Biotechnology Research Center and Department of Biotechnology, Toyama Prefectural University, 5180 Kurokawa, Imizu, Toyama 939-0398, Japan.
J Biochem. 2013 Sep;154(3):233-6. doi: 10.1093/jb/mvt070. Epub 2013 Aug 1.

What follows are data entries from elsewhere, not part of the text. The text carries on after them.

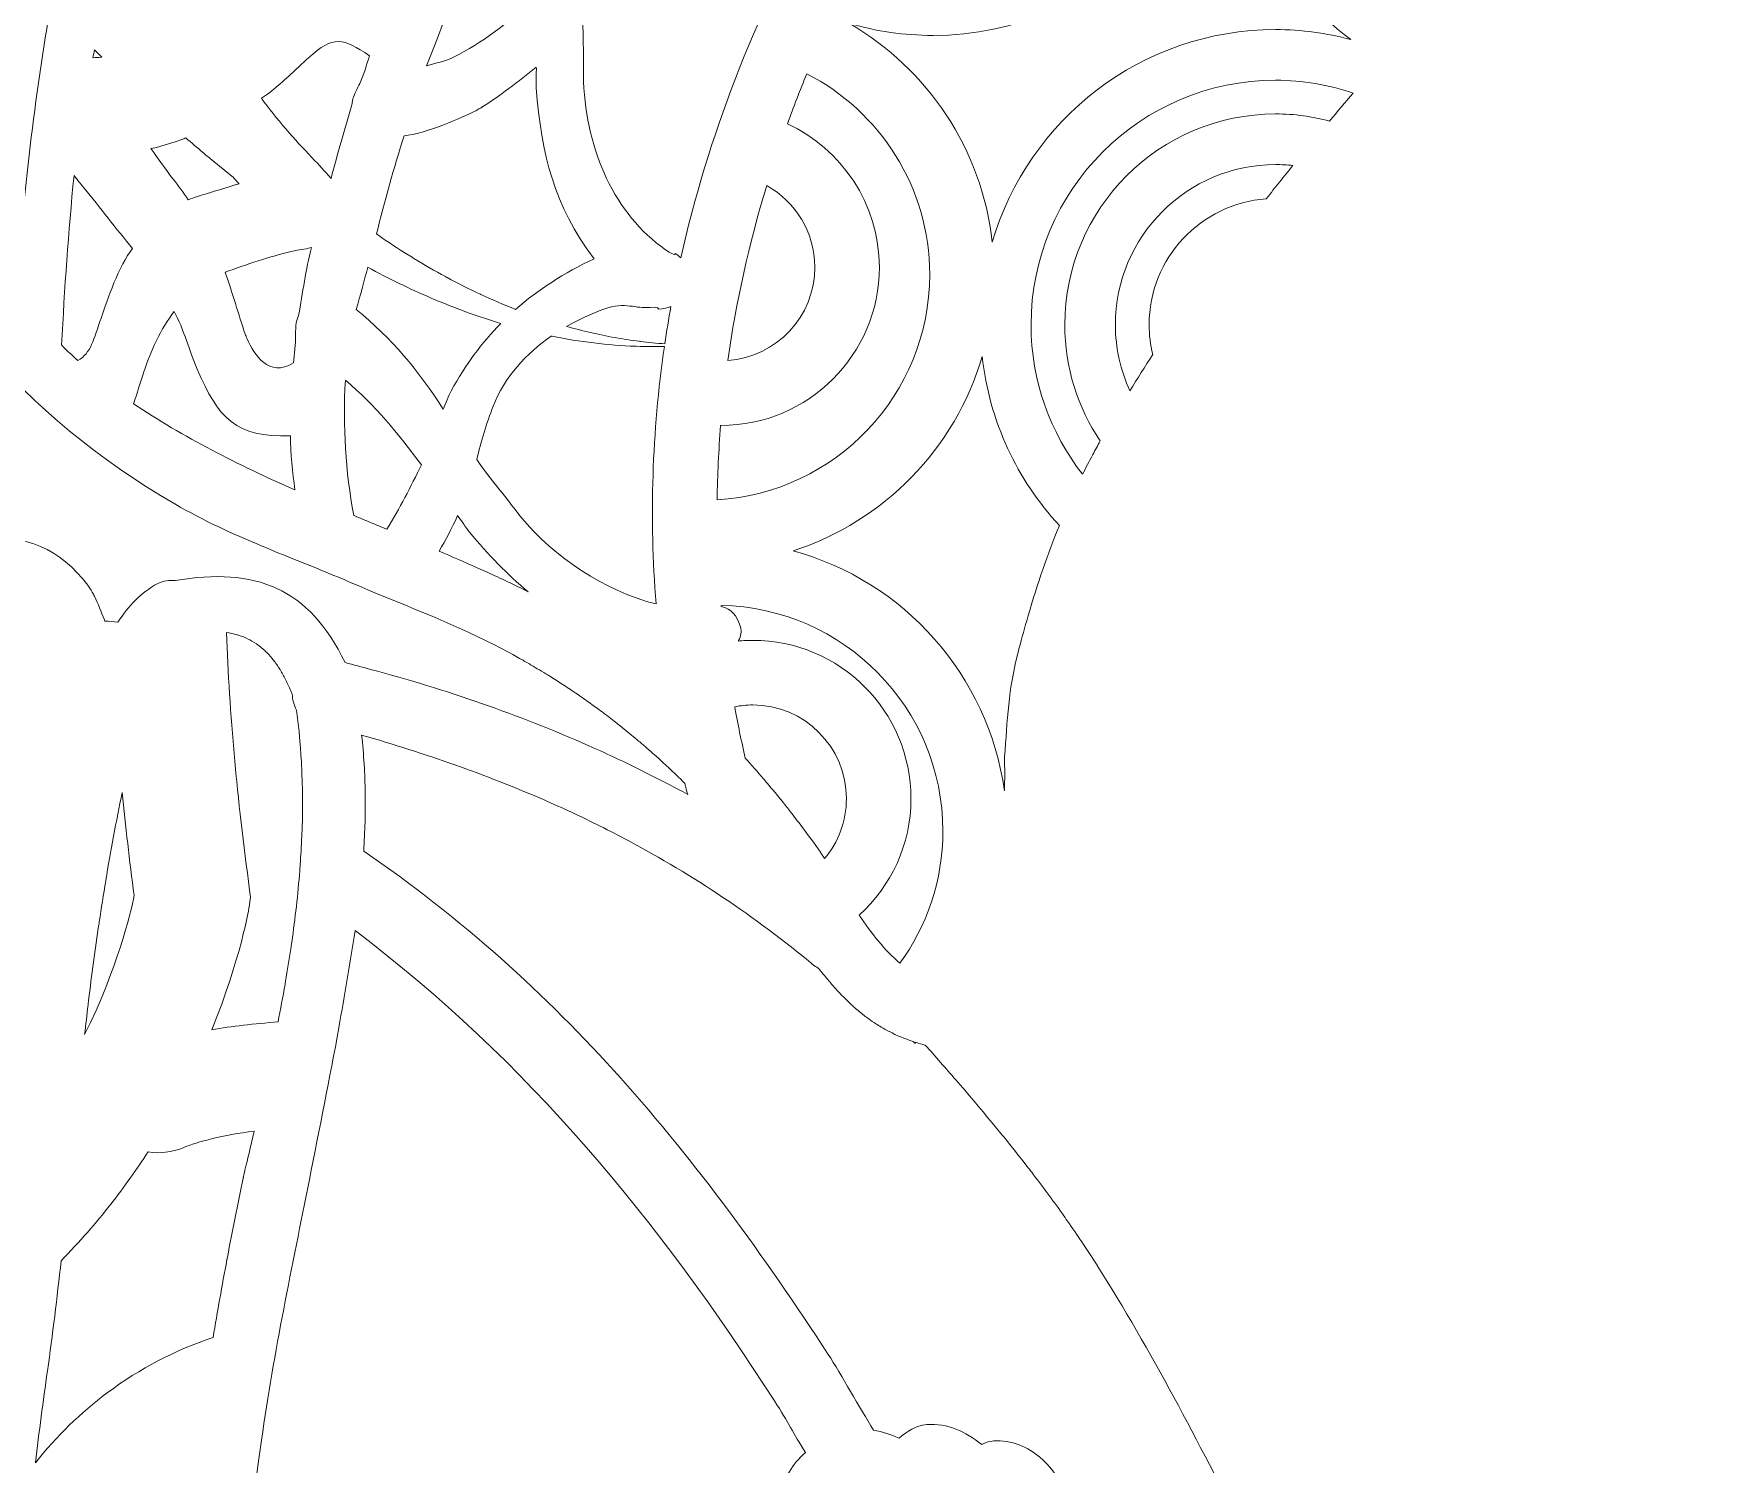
# Model space of a CAD drawing. Header units: millimetres. Extents: x -416 to 1516, y -417 to 43.
# Drawn here: x 193.7 to 245.7, y -194.8 to -150.4 of the extents above; entities that cross this region are included whole.
import ezdxf

# ---------------------------------------------------------------- set-up
doc = ezdxf.new("R2010")
doc.units = ezdxf.units.MM
doc.header["$MEASUREMENT"] = 0
doc.layers.add('Layer 4', color=7, linetype='Continuous')

msp = doc.modelspace()

# ---------------------------------------------------------------- linework, layer by layer
at = {"layer": 'Layer 4', "lineweight": 0}
for points, knots in [([(218.958, -150.138), (219.778, -150.375), (220.643, -150.505), (221.539, -150.505), (226.671, -150.505), (230.847, -146.329), (230.847, -141.197), (230.847, -138.694), (229.848, -136.423), (228.234, -134.75), (228.276, -134.692), (228.317, -134.635), (228.358, -134.578), (229.763, -135.33), (231.364, -135.762), (233.066, -135.762), (233.806, -135.762), (234.526, -135.679), (235.221, -135.526), (232.585, -137.132), (230.821, -140.034), (230.821, -143.34), (230.821, -146.32), (232.26, -148.965), (234.476, -150.632), (233.733, -150.435), (232.955, -150.325), (232.151, -150.325), (227.997, -150.325), (224.484, -153.11), (223.375, -156.91), (223.052, -154.02), (221.359, -151.54), (218.958, -150.138)], [0, 0, 0, 0, 1, 1, 1, 2, 2, 2, 3, 3, 3, 4, 4, 4, 5, 5, 5, 6, 6, 6, 7, 7, 7, 8, 8, 8, 9, 9, 9, 10, 10, 10, 11, 11, 11, 11]), ([(189.072, -142.559), (189.073, -142.559), (189.073, -142.56), (189.074, -142.561), (189.425, -143.113), (189.788, -143.658), (190.157, -144.198), (190.219, -144.289), (190.28, -144.38), (190.343, -144.47), (190.721, -145.018), (191.108, -145.559), (191.505, -146.093), (191.52, -146.114), (191.535, -146.134), (191.55, -146.154), (192.4, -147.294), (193.292, -148.401), (194.227, -149.47), (194.227, -149.47), (194.227, -149.471), (194.227, -149.471), (193.711, -152.436), (193.358, -155.425), (193.142, -158.434), (193.142, -158.434), (193.142, -158.434), (193.142, -158.434), (193.002, -158.241), (192.866, -158.045), (192.734, -157.847), (192.732, -157.845), (192.731, -157.842), (192.729, -157.84), (191.802, -156.445), (191.088, -154.928), (190.546, -153.346), (190.546, -153.345), (190.546, -153.345), (190.546, -153.345), (190.48, -153.153), (190.419, -152.961), (190.358, -152.768), (190.342, -152.717), (190.326, -152.666), (190.31, -152.616), (190.259, -152.447), (190.21, -152.277), (190.162, -152.107), (190.14, -152.03), (190.118, -151.953), (190.097, -151.875), (190.055, -151.721), (190.015, -151.567), (189.976, -151.412), (189.952, -151.316), (189.928, -151.22), (189.905, -151.123), (189.871, -150.982), (189.838, -150.84), (189.806, -150.698), (189.781, -150.585), (189.757, -150.471), (189.733, -150.358), (189.706, -150.229), (189.679, -150.099), (189.654, -149.97), (189.628, -149.839), (189.604, -149.707), (189.581, -149.576), (189.56, -149.461), (189.538, -149.346), (189.519, -149.231), (189.492, -149.073), (189.468, -148.915), (189.444, -148.757), (189.43, -148.666), (189.415, -148.576), (189.402, -148.486), (189.366, -148.235), (189.332, -147.984), (189.302, -147.733), (189.066, -145.772), (188.896, -143.839), (188.683, -141.919), (188.814, -142.131), (188.939, -142.348), (189.072, -142.559)], [0, 0, 0, 0, 1, 1, 1, 2, 2, 2, 3, 3, 3, 4, 4, 4, 5, 5, 5, 6, 6, 6, 7, 7, 7, 8, 8, 8, 9, 9, 9, 10, 10, 10, 11, 11, 11, 12, 12, 12, 13, 13, 13, 14, 14, 14, 15, 15, 15, 16, 16, 16, 17, 17, 17, 18, 18, 18, 19, 19, 19, 20, 20, 20, 21, 21, 21, 22, 22, 22, 23, 23, 23, 24, 24, 24, 25, 25, 25, 26, 26, 26, 27, 27, 27, 28, 28, 28, 29, 29, 29, 29]), ([(209.085, -149.437), (208.36, -150.135), (207.582, -150.735), (206.689, -151.176), (206.389, -151.324), (206.15, -151.351), (205.849, -151.451), (206.542, -149.796), (207.014, -148.06), (207.658, -146.391), (207.695, -146.296), (207.739, -146.21), (207.765, -146.12), (207.791, -146.03), (207.823, -145.968), (207.856, -145.885), (208.525, -147.008), (208.852, -148.159), (209.085, -149.437)], [0, 0, 0, 0, 1, 1, 1, 2, 2, 2, 3, 3, 3, 4, 4, 4, 5, 5, 5, 6, 6, 6, 6]), ([(213.251, -157.143), (211.675, -156.033), (210.811, -154.1), (210.713, -151.939), (210.696, -151.574), (210.725, -150.535), (210.683, -150.07), (211.036, -149.537), (211.574, -149.029), (211.96, -148.566), (213.073, -147.23), (214.674, -146.424), (216.227, -146.172), (217.023, -146.043), (217.372, -146.303), (217.87, -146.356), (217.92, -146.361), (217.958, -146.368), (217.992, -146.375), (215.985, -149.976), (214.561, -153.667), (213.728, -157.393), (213.678, -157.348), (213.623, -157.305), (213.555, -157.262), (213.536, -157.249), (213.601, -157.389), (213.251, -157.143)], [0, 0, 0, 0, 1, 1, 1, 2, 2, 2, 3, 3, 3, 4, 4, 4, 5, 5, 5, 6, 6, 6, 7, 7, 7, 8, 8, 8, 9, 9, 9, 9]), ([(202.285, -154.274), (201.795, -153.759), (201.181, -153.072), (200.739, -152.452), (201.066, -152.239), (201.442, -151.899), (201.769, -151.594), (201.77, -151.594), (201.77, -151.595), (201.77, -151.595), (201.77, -151.595), (201.77, -151.593), (201.77, -151.593), (201.921, -151.452), (202.063, -151.318), (202.183, -151.207), (202.976, -150.481), (203.265, -150.59), (204.083, -151.135), (203.985, -151.415), (203.911, -151.736), (203.785, -151.99), (203.711, -152.14), (203.599, -152.349), (203.569, -152.462), (203.54, -152.575), (203.552, -152.597), (203.535, -152.658), (203.313, -153.428), (203.094, -154.165), (202.894, -154.938), (202.656, -154.66), (202.572, -154.576), (202.285, -154.274)], [0, 0, 0, 0, 1, 1, 1, 2, 2, 2, 3, 3, 3, 4, 4, 4, 5, 5, 5, 6, 6, 6, 7, 7, 7, 8, 8, 8, 9, 9, 9, 10, 10, 10, 11, 11, 11, 11]), ([(195.794, -151.183), (195.657, -151.192), (195.635, -151.189), (195.515, -151.2), (195.532, -151.117), (195.552, -151.034), (195.569, -150.951), (195.583, -150.966), (195.597, -150.982), (195.611, -150.997), (195.671, -151.059), (195.733, -151.12), (195.794, -151.183)], [0, 0, 0, 0, 1, 1, 1, 2, 2, 2, 3, 3, 3, 4, 4, 4, 4]), ([(205.156, -153.614), (205.794, -153.563), (206.963, -153.051), (207.372, -152.836), (207.697, -152.664), (207.576, -152.726), (207.535, -152.748), (208.117, -152.392), (208.698, -151.918), (209.249, -151.486), (209.259, -151.666), (209.232, -151.971), (209.245, -152.131), (209.412, -154.197), (209.793, -155.757), (211.04, -157.426), (210.107, -157.868), (209.308, -158.377), (208.609, -158.99), (208.245, -158.848), (207.885, -158.694), (207.531, -158.529), (207.524, -158.526), (207.517, -158.522), (207.509, -158.519), (207.162, -158.357), (206.821, -158.185), (206.485, -158.004), (206.468, -157.995), (206.451, -157.985), (206.434, -157.976), (206.104, -157.797), (205.78, -157.611), (205.46, -157.415), (205.44, -157.403), (205.421, -157.39), (205.401, -157.378), (205.081, -157.181), (204.765, -156.976), (204.455, -156.764), (204.454, -156.763), (204.454, -156.763), (204.454, -156.763), (204.401, -156.727), (204.351, -156.687), (204.298, -156.65), (204.562, -155.637), (204.83, -154.624), (205.156, -153.614)], [0, 0, 0, 0, 1, 1, 1, 2, 2, 2, 3, 3, 3, 4, 4, 4, 5, 5, 5, 6, 6, 6, 7, 7, 7, 8, 8, 8, 9, 9, 9, 10, 10, 10, 11, 11, 11, 12, 12, 12, 13, 13, 13, 14, 14, 14, 15, 15, 15, 16, 16, 16, 16]), ([(214.96, -162.586), (214.965, -162.586), (214.969, -162.587), (214.974, -162.587), (217.677, -162.587), (219.876, -160.387), (219.876, -157.684), (219.876, -155.715), (218.706, -154.022), (217.027, -153.245), (217.217, -152.726), (217.417, -152.208), (217.631, -151.692), (219.887, -152.854), (221.435, -155.205), (221.435, -157.913), (221.435, -161.631), (218.517, -164.673), (214.852, -164.89), (214.861, -164.122), (214.898, -163.354), (214.96, -162.586)], [0, 0, 0, 0, 1, 1, 1, 2, 2, 2, 3, 3, 3, 4, 4, 4, 5, 5, 5, 6, 6, 6, 7, 7, 7, 7]), ([(233.82, -153.159), (233.288, -153.015), (232.729, -152.937), (232.151, -152.937), (228.55, -152.937), (225.62, -155.867), (225.62, -159.468), (225.62, -160.8), (226.027, -162.035), (226.716, -163.068), (226.716, -163.068), (226.715, -163.068), (226.715, -163.068), (226.637, -163.21), (226.561, -163.35), (226.488, -163.489), (226.377, -163.695), (226.27, -163.899), (226.17, -164.1), (225.173, -162.819), (224.575, -161.213), (224.575, -159.468), (224.575, -155.291), (227.974, -151.892), (232.151, -151.892), (232.991, -151.892), (233.797, -152.035), (234.551, -152.291), (234.306, -152.581), (234.061, -152.871), (233.82, -153.159)], [0, 0, 0, 0, 1, 1, 1, 2, 2, 2, 3, 3, 3, 4, 4, 4, 5, 5, 5, 6, 6, 6, 7, 7, 7, 8, 8, 8, 9, 9, 9, 10, 10, 10, 10]), ([(191.183, -166.1), (190.745, -165.516), (190.232, -164.959), (189.736, -164.437), (188.913, -163.568), (188.192, -162.741), (187.684, -161.657), (187.676, -161.64), (187.663, -161.624), (187.663, -161.608), (187.703, -160.166), (187.478, -158.947), (186.692, -157.722), (187.1, -156.744), (187.491, -155.726), (187.809, -154.726), (187.959, -154.253), (188.065, -153.836), (188.188, -153.373), (190.221, -158.532), (193.273, -162.24), (198.056, -165.019), (199.83, -166.05), (201.635, -166.647), (203.465, -167.437), (204.992, -168.096), (206.498, -168.642), (207.971, -169.393), (207.972, -169.394), (207.974, -169.395), (207.975, -169.395), (208.269, -169.546), (208.557, -169.701), (208.84, -169.861), (208.945, -169.921), (209.047, -169.983), (209.15, -170.044), (209.326, -170.146), (209.501, -170.249), (209.673, -170.356), (209.799, -170.434), (209.923, -170.516), (210.047, -170.597), (210.189, -170.689), (210.331, -170.781), (210.47, -170.876), (210.607, -170.969), (210.742, -171.065), (210.876, -171.161), (210.997, -171.247), (211.117, -171.334), (211.236, -171.422), (211.38, -171.529), (211.522, -171.637), (211.663, -171.748), (211.767, -171.828), (211.869, -171.91), (211.971, -171.992), (212.122, -172.114), (212.272, -172.236), (212.42, -172.362), (212.505, -172.434), (212.589, -172.508), (212.673, -172.581), (212.833, -172.72), (212.992, -172.86), (213.149, -173.003), (213.21, -173.06), (213.27, -173.118), (213.331, -173.175), (213.507, -173.339), (213.682, -173.504), (213.855, -173.674), (213.883, -173.788), (213.91, -173.903), (213.939, -174.017), (213.177, -173.604), (212.41, -173.213), (211.635, -172.851), (211.635, -172.851), (211.635, -172.851), (211.635, -172.851), (211.384, -172.734), (211.131, -172.622), (210.877, -172.509), (208.697, -171.542), (206.455, -170.766), (204.114, -170.142), (203.851, -170.071), (203.59, -169.999), (203.325, -169.932), (202.223, -167.623), (200.537, -166.96), (198.065, -167.394), (197.864, -167.385), (197.715, -167.383), (197.525, -167.484), (197.262, -167.624), (197.037, -167.797), (196.835, -167.998), (196.633, -168.199), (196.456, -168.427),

We have determined the x-ray crystal structure of L-lysine ε-oxidase from Marinomonas mediterranea in its native and L-lysine-complex forms at 1.94- and 1.99-Å resolution, respectively. In the native enzyme, electron densities clearly indicate the presence of cysteine tryptophylquinone (CTQ) previously identified in quinohemoprotein amine dehydrogenase. In the L-lysine-complex, an electron density corresponding to the bound L-lysine shows that its ε-amino group is attached to the C6 carbonyl group of CTQ, suggesting the formation of a Schiff-base intermediate. Collectively, the present crystal structure provides the first example of an enzyme employing a tryptophylquinone cofactor in an amine oxidase.
我们已经确定了来自 Marinomonas mediterranea 的 L-赖氨酸 ε-氧化酶在其天然形式和 L-赖氨酸复合物形式下的 X 射线晶体结构,分辨率分别为 1.94 和 1.99Å。在天然酶中,电子密度清楚地表明存在半胱氨酸色氨酸醌(CTQ),这在醌核苷酸胺脱氢酶中已经被鉴定。在 L-赖氨酸复合物中,与结合的 L-赖氨酸相对应的电子密度表明其 ε-氨基与 CTQ 的 C6 羰基相连,表明形成了希夫碱中间产物。总的来说,目前的晶体结构提供了第一个使用色氨酸醌辅因子的胺氧化酶的例子。